Sanfilippo syndrome, also known as mucopolysaccharidosis type III (MPS III), is a rare, inherited genetic disorder affecting the central nervous system. This condition arises when the body cannot properly break down large sugar molecules called glycosaminoglycans (GAGs), specifically heparan sulfate. The accumulation of these molecules inside cells leads to damage in various organ systems. Early diagnosis is important for managing symptoms, understanding disease progression, and exploring potential treatment options or clinical trials.
Identifying Initial Symptoms
Sanfilippo syndrome often presents with symptoms not immediately specific to the condition, making early recognition challenging. Children typically appear healthy at birth, with initial signs emerging between one and six years of age.
One common early indicator is developmental delay, particularly in speech and language acquisition. Parents might observe a slowing or loss of previously acquired skills, often between ages one and three.
Behavioral changes are also frequently reported, including hyperactivity, aggression, and sleep disturbances, appearing around three to ten years of age. These behavioral issues can sometimes be mistaken for other conditions like autism spectrum disorder or attention-deficit/hyperactivity disorder (ADHD). Physical signs, while often milder than neurological symptoms, can include coarse facial features, excessive body hair, and a larger-than-typical head size. Recurrent ear and respiratory infections are also common.
First Steps in Testing
When Sanfilippo syndrome is suspected, healthcare providers typically begin with screening tests for a mucopolysaccharidosis (MPS) disorder. A common preliminary test involves analyzing a urine sample for elevated levels of heparan sulfate. This urine MPS screening checks for abnormal amounts of these sugar molecules.
While high heparan sulfate levels in urine suggest a possible MPS disorder, this test is a screening tool, not a definitive diagnosis. It helps narrow down possibilities and indicates the need for further investigation. False negatives can occur, so a normal result does not entirely rule out the condition.
Definitive Diagnostic Tests
Following initial screening, definitive diagnostic tests confirm Sanfilippo syndrome and identify its specific type.
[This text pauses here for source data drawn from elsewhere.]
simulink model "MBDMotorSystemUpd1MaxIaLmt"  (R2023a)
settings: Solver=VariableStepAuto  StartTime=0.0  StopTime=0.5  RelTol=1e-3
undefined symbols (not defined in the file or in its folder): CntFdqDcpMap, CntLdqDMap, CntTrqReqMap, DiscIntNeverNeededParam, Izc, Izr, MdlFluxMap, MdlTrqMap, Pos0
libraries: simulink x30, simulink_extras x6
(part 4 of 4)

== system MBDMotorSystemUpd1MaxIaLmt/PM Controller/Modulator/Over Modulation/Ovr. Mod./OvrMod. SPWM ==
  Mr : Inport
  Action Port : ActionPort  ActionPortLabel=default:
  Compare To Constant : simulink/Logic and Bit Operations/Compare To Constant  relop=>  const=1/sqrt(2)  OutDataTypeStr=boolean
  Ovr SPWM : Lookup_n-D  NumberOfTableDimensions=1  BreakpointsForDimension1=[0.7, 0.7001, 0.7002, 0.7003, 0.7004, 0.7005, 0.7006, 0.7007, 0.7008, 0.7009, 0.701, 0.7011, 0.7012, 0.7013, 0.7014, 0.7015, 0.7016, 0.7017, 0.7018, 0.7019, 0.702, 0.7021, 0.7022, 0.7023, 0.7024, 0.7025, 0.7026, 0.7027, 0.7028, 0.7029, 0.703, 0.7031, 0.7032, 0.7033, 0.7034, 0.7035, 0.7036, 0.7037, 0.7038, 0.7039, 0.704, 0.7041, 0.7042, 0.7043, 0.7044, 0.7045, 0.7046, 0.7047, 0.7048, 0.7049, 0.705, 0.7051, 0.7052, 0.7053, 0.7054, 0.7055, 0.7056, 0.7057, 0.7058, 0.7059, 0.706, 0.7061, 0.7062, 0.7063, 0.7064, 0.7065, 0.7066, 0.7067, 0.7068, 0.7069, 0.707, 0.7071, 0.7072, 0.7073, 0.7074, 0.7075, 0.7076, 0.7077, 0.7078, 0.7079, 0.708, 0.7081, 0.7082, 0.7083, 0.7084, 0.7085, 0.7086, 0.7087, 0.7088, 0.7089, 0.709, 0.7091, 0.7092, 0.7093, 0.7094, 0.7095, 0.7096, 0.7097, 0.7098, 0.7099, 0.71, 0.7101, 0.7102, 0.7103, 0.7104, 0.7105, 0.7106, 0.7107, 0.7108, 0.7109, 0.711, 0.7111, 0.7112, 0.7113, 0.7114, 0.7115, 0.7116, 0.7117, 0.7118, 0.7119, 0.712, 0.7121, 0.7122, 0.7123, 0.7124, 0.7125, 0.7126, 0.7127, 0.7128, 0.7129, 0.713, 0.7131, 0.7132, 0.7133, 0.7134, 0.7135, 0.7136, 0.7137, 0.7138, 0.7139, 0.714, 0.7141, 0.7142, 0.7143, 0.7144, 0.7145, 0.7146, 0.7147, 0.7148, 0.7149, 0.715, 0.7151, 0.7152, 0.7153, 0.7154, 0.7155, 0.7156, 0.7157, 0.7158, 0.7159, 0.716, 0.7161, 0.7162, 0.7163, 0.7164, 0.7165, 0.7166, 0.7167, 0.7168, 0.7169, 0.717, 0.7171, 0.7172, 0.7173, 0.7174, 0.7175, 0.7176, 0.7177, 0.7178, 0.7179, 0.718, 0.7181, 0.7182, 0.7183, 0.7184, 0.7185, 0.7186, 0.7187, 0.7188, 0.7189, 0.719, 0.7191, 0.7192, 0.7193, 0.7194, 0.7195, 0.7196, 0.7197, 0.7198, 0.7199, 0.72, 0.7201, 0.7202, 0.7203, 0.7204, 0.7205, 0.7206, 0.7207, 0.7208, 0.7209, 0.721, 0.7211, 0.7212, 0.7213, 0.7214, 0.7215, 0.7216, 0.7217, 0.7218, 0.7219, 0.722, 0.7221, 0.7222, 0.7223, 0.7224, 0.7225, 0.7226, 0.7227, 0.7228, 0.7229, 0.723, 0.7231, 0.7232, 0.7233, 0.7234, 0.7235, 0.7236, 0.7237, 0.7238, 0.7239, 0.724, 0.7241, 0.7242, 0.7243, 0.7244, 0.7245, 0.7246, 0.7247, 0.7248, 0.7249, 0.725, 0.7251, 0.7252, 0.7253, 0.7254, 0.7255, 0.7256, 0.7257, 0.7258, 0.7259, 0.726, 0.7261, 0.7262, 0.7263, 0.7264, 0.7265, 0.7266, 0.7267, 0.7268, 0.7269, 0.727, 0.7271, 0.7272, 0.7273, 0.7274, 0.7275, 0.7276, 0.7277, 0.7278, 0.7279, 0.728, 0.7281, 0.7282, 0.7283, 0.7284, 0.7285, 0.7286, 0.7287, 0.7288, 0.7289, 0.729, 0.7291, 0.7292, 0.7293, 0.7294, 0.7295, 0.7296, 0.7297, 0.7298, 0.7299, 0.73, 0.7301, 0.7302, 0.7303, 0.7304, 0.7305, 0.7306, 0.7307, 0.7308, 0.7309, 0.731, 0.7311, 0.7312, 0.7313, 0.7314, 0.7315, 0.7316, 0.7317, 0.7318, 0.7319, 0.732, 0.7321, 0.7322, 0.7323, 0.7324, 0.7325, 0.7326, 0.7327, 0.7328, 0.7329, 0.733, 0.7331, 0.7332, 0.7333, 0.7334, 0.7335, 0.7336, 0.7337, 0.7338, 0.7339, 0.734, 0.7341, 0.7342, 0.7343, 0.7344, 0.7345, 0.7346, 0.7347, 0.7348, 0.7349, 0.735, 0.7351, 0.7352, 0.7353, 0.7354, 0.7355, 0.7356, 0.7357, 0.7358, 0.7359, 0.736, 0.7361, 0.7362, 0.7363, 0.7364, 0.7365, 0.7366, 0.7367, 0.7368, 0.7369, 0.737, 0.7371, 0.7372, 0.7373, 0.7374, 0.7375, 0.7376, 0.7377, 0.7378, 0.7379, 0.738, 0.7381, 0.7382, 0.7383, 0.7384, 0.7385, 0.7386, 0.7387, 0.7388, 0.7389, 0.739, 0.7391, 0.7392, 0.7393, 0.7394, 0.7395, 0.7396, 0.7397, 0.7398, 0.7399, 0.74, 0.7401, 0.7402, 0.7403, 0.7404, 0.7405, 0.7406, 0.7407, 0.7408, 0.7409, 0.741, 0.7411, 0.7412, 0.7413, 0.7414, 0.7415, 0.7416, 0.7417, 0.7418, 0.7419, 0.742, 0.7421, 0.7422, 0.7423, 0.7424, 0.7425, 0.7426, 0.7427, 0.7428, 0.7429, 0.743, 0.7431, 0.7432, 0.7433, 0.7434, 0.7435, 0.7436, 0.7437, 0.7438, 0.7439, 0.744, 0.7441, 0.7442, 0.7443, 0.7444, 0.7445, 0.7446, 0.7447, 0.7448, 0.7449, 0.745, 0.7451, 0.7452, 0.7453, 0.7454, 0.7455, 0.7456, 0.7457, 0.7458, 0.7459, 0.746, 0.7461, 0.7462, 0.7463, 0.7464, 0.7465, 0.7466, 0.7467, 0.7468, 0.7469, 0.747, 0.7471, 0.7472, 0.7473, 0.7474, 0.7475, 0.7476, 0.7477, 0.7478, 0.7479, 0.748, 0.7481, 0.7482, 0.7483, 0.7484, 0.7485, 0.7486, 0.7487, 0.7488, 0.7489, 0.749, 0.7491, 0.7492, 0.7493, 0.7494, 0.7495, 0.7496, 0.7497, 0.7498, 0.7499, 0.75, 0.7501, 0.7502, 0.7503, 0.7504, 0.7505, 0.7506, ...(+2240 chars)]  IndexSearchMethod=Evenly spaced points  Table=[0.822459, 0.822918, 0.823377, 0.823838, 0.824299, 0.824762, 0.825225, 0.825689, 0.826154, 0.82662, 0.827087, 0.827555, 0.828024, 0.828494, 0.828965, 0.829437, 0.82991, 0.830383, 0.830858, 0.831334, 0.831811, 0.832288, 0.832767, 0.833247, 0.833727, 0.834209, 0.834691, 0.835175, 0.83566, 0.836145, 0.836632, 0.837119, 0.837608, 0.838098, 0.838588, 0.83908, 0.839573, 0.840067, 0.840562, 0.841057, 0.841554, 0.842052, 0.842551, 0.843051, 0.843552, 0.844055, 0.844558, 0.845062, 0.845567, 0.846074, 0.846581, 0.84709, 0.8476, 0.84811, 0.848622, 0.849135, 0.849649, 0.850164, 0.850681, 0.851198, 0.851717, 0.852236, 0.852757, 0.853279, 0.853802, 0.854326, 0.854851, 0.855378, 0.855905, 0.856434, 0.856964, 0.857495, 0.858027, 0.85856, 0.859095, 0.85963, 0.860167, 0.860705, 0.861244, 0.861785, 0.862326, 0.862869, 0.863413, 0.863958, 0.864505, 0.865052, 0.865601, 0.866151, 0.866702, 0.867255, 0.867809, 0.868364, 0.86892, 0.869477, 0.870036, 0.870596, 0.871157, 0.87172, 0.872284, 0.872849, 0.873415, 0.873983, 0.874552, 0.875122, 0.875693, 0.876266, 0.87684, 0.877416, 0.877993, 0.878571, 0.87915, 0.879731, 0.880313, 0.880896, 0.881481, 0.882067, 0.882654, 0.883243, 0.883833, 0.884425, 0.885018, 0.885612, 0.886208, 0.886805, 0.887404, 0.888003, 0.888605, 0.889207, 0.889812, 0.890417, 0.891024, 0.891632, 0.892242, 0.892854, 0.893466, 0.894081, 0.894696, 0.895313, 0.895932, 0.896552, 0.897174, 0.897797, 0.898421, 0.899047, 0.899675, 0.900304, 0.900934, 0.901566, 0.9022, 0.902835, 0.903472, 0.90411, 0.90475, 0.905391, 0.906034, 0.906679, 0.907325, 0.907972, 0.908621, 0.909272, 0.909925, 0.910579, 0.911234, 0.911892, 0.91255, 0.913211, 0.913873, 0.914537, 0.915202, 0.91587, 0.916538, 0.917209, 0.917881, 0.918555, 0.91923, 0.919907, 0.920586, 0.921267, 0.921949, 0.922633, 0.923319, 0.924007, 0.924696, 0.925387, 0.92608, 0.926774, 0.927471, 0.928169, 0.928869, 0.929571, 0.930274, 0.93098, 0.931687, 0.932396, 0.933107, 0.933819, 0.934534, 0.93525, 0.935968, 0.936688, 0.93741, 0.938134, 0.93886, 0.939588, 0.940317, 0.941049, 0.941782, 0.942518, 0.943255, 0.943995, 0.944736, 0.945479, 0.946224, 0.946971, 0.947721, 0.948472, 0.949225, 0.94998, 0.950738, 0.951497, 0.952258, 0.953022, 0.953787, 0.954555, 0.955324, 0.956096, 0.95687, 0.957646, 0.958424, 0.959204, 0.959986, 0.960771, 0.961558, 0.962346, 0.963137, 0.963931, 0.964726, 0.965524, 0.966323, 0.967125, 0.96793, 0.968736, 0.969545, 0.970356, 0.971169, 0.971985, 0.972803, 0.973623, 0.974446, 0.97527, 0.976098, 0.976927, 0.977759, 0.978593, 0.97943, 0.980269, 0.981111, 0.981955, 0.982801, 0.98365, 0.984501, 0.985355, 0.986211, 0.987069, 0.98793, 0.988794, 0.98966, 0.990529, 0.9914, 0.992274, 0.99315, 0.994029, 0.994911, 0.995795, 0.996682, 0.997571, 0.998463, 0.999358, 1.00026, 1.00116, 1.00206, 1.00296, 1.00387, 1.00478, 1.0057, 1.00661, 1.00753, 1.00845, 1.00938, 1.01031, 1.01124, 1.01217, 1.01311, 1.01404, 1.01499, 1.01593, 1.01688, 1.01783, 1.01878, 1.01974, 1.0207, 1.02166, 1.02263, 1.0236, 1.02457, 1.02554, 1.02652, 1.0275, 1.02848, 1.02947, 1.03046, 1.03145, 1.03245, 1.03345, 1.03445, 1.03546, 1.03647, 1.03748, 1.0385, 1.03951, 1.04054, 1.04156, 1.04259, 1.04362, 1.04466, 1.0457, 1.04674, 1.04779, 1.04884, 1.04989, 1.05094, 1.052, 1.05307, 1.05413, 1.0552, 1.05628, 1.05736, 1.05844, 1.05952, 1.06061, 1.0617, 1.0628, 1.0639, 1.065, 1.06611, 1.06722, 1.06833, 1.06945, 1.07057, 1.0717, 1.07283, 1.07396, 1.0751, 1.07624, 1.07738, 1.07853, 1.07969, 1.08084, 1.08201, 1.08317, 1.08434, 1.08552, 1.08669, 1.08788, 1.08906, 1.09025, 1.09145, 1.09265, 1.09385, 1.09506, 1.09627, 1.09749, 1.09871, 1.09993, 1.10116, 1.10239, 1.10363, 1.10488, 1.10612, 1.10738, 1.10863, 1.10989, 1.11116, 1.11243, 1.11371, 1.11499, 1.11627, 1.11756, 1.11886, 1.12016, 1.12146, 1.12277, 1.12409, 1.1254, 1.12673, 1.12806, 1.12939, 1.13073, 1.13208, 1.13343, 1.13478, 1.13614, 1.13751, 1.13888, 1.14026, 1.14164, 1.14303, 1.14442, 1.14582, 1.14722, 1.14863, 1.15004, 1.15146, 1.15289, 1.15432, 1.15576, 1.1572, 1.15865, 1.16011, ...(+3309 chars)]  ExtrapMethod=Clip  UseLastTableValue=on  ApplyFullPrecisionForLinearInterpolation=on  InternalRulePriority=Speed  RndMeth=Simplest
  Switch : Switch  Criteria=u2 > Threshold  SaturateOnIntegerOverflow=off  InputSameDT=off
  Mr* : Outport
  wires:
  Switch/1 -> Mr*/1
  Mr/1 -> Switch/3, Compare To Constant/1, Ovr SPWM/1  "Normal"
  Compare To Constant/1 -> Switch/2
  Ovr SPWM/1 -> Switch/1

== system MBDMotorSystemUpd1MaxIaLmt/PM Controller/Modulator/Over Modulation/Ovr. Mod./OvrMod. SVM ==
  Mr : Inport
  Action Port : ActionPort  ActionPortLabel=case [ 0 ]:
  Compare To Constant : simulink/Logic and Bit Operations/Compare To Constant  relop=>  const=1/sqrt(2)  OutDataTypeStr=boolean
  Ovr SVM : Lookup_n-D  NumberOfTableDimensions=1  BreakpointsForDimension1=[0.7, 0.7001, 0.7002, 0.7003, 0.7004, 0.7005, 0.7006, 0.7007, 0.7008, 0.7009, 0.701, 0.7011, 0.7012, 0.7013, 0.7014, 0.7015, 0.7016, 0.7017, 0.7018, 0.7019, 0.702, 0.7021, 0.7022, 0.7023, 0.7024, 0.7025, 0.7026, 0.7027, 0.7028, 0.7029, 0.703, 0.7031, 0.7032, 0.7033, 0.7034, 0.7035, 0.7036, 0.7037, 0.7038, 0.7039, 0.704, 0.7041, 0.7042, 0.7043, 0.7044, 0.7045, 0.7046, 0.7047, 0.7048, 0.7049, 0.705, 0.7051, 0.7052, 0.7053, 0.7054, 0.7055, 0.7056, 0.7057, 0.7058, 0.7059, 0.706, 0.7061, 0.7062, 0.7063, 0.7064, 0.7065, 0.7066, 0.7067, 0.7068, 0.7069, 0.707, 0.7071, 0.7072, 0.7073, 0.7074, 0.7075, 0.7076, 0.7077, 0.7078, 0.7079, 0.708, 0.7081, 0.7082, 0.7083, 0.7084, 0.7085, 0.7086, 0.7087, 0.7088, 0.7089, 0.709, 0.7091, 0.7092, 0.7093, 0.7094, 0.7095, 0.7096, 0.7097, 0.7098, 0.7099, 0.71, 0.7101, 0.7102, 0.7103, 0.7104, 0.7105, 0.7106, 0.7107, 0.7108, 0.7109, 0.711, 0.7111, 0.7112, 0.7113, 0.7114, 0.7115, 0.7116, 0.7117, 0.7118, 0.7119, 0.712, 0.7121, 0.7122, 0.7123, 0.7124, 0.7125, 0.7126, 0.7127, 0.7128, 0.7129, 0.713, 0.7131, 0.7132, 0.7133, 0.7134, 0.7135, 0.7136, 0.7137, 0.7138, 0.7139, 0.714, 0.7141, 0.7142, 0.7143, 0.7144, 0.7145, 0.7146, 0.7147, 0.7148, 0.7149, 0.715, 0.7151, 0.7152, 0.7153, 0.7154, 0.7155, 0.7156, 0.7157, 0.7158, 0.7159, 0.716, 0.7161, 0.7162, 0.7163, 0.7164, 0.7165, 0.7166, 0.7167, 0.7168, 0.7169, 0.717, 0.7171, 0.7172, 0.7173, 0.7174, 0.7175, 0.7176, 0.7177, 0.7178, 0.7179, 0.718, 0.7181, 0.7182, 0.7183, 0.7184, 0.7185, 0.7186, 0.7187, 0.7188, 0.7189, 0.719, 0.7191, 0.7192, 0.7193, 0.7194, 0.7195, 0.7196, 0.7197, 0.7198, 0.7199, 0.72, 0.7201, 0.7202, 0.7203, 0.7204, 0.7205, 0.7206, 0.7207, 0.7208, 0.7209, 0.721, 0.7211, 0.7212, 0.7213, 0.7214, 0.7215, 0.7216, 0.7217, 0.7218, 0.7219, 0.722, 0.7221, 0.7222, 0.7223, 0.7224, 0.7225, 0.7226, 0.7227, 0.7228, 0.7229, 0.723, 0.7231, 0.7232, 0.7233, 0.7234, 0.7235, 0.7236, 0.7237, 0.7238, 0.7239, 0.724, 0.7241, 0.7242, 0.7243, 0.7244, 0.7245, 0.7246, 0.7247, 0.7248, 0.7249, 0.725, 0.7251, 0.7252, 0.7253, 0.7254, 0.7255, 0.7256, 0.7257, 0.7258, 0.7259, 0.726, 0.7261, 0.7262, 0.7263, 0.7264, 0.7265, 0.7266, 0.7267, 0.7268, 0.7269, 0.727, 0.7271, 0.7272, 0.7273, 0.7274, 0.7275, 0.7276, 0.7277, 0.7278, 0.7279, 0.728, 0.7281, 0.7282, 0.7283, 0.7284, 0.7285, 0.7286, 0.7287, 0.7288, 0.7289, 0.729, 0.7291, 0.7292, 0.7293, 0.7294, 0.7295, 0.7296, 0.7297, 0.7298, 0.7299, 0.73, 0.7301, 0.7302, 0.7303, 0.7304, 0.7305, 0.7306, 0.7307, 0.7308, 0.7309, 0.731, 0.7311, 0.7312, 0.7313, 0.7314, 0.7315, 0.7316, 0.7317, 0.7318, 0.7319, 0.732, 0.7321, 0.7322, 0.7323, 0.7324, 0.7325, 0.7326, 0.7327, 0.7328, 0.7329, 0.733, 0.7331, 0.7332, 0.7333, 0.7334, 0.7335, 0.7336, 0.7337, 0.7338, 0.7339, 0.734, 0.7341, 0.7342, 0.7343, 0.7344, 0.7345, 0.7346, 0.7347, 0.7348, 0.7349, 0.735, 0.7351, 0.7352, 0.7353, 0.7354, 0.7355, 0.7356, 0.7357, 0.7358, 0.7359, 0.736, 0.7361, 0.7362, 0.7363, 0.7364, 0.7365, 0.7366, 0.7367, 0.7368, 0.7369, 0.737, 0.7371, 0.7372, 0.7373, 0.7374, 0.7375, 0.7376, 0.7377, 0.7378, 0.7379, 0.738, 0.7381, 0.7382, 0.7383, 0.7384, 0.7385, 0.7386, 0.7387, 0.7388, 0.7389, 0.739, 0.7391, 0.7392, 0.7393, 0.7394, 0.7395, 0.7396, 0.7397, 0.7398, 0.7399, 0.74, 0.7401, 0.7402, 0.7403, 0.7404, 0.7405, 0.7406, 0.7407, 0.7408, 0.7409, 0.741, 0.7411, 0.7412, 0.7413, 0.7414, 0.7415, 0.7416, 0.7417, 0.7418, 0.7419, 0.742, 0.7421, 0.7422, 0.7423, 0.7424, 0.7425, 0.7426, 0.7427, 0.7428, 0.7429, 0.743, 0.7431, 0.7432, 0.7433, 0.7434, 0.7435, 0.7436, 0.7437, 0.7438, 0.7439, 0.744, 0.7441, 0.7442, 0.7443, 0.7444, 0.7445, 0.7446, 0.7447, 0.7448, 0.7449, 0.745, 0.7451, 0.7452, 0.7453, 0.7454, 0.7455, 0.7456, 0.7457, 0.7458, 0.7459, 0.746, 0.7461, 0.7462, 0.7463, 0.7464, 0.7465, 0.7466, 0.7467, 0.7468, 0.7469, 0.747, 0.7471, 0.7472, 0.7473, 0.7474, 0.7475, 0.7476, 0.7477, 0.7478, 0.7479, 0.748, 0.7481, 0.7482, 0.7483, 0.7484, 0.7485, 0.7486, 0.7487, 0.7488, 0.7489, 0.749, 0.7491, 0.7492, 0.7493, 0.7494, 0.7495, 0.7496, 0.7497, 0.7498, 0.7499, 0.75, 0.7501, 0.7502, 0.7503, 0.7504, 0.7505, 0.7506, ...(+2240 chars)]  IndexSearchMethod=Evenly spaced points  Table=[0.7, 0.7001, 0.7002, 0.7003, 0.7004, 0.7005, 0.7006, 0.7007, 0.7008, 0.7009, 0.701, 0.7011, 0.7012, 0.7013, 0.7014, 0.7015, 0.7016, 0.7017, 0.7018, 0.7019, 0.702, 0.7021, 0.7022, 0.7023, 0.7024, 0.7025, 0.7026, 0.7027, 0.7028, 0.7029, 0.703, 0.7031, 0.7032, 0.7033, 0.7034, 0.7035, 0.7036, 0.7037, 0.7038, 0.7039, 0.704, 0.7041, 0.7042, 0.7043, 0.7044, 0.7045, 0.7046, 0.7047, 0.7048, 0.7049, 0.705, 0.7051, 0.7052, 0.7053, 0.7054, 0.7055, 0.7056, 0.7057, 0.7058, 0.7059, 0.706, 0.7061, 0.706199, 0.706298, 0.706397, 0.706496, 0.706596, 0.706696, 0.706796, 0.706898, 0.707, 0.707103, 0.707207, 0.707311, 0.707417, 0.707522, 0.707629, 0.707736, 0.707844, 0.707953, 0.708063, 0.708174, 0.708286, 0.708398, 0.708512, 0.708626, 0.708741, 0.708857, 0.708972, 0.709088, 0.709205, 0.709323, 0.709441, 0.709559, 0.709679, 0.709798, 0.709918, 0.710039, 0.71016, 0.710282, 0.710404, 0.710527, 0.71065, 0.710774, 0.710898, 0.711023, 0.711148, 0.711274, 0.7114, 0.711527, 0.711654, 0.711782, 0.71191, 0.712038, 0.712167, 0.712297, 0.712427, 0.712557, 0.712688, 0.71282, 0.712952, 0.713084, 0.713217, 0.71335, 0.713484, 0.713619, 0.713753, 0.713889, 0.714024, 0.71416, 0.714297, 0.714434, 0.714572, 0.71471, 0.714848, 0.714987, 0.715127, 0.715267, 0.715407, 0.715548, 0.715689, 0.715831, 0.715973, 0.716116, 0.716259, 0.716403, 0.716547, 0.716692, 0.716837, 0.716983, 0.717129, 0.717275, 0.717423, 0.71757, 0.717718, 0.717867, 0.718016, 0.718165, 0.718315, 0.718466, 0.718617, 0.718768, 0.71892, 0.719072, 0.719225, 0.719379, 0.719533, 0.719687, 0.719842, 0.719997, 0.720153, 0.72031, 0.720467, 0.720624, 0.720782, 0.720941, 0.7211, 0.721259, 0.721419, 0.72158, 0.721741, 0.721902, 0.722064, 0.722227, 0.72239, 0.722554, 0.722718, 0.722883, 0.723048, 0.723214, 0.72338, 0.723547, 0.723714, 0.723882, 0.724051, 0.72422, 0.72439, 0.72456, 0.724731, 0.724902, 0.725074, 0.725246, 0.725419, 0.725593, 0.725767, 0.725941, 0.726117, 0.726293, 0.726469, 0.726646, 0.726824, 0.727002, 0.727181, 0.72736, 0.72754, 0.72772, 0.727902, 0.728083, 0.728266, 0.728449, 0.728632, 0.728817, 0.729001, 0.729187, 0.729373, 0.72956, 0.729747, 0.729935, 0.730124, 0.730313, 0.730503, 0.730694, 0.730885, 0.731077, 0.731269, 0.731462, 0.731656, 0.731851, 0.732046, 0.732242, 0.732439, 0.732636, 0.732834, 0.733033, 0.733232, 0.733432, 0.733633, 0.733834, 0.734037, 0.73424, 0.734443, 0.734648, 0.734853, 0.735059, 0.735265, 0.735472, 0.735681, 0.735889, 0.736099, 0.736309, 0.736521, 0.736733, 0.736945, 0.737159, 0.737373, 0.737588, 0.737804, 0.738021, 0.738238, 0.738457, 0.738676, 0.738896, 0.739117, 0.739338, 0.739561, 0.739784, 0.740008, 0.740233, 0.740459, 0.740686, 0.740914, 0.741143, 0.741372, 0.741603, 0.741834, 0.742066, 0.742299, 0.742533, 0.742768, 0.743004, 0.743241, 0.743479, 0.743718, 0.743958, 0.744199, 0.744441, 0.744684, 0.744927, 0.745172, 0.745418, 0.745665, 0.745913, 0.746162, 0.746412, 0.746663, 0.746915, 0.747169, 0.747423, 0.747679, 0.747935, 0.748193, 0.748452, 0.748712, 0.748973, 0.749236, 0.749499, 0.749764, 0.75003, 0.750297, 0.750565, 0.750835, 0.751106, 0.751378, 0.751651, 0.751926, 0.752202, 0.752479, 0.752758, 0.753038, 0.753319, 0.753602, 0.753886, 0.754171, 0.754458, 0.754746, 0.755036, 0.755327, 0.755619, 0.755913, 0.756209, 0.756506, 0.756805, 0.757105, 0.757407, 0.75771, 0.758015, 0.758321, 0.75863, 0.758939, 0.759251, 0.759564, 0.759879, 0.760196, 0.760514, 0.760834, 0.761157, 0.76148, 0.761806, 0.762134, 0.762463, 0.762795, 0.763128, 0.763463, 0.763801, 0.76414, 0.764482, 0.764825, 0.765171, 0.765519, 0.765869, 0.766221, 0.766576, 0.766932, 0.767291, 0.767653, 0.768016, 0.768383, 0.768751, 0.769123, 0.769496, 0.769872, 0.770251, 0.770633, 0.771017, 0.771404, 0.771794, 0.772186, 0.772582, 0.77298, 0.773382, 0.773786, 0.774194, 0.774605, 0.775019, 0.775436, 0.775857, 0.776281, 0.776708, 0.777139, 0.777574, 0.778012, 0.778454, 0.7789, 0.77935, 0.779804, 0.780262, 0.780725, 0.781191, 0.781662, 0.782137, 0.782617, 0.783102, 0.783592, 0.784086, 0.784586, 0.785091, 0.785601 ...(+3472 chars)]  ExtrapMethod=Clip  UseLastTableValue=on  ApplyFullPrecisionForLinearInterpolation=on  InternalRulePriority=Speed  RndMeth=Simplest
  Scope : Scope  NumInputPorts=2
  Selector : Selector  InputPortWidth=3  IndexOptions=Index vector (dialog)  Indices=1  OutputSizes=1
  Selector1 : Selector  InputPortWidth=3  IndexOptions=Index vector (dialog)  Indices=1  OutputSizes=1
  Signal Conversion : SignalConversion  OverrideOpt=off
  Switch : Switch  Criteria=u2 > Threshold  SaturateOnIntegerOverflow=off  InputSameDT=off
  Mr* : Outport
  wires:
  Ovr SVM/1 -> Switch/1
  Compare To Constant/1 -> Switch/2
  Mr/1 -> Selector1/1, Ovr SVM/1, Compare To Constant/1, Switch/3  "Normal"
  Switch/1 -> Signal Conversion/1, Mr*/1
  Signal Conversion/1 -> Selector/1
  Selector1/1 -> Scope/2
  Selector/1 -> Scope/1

The two primary methods are enzyme assay and genetic testing. These tests pinpoint the underlying metabolic defect.
Enzyme assays measure the activity of specific enzymes responsible for breaking down heparan sulfate. In Sanfilippo syndrome, a deficiency in one of four specific enzymes leads to heparan sulfate accumulation. For instance, type A is linked to a deficiency in heparan-N-sulfatase, while type B involves alpha-N-acetylglucosaminidase. These assays are typically performed on blood cells, such as leukocytes, or skin fibroblasts. Low or absent enzyme activity confirms the biochemical diagnosis.
Genetic testing involves DNA sequencing to identify mutations in the genes responsible for Sanfilippo syndrome. Four known genes are associated with the different types: SGSH for type A, NAGLU for type B, HGSNAT for type C, and GNS for type D. Identifying specific mutations provides a conclusive diagnosis and determines the precise subtype. This information helps understand disease progression and potential therapies. Genetic testing can be performed using samples from blood, saliva, or a cheek swab.
Diagnosis in Specific Situations
Diagnosis of Sanfilippo syndrome can also occur in other contexts. For families with a known history or identified genetic risk, prenatal diagnosis is an option. This involves testing the fetus before birth, typically through amniocentesis or chorionic villus sampling (CVS). These tests allow for genetic analysis of fetal cells to detect the syndrome.
Newborn screening programs are emerging in some regions for lysosomal storage disorders, which include Sanfilippo syndrome. While not universally available, these screenings aim to diagnose the condition before symptoms appear, offering the possibility of earlier intervention.
Differential diagnosis is important, as Sanfilippo syndrome symptoms can overlap with other neurodevelopmental disorders, such as autism or ADHD. Specialized testing, including enzyme assays and genetic analysis, is essential to differentiate Sanfilippo syndrome from these conditions and ensure an accurate diagnosis. This approach helps prevent misdiagnosis and guides appropriate care.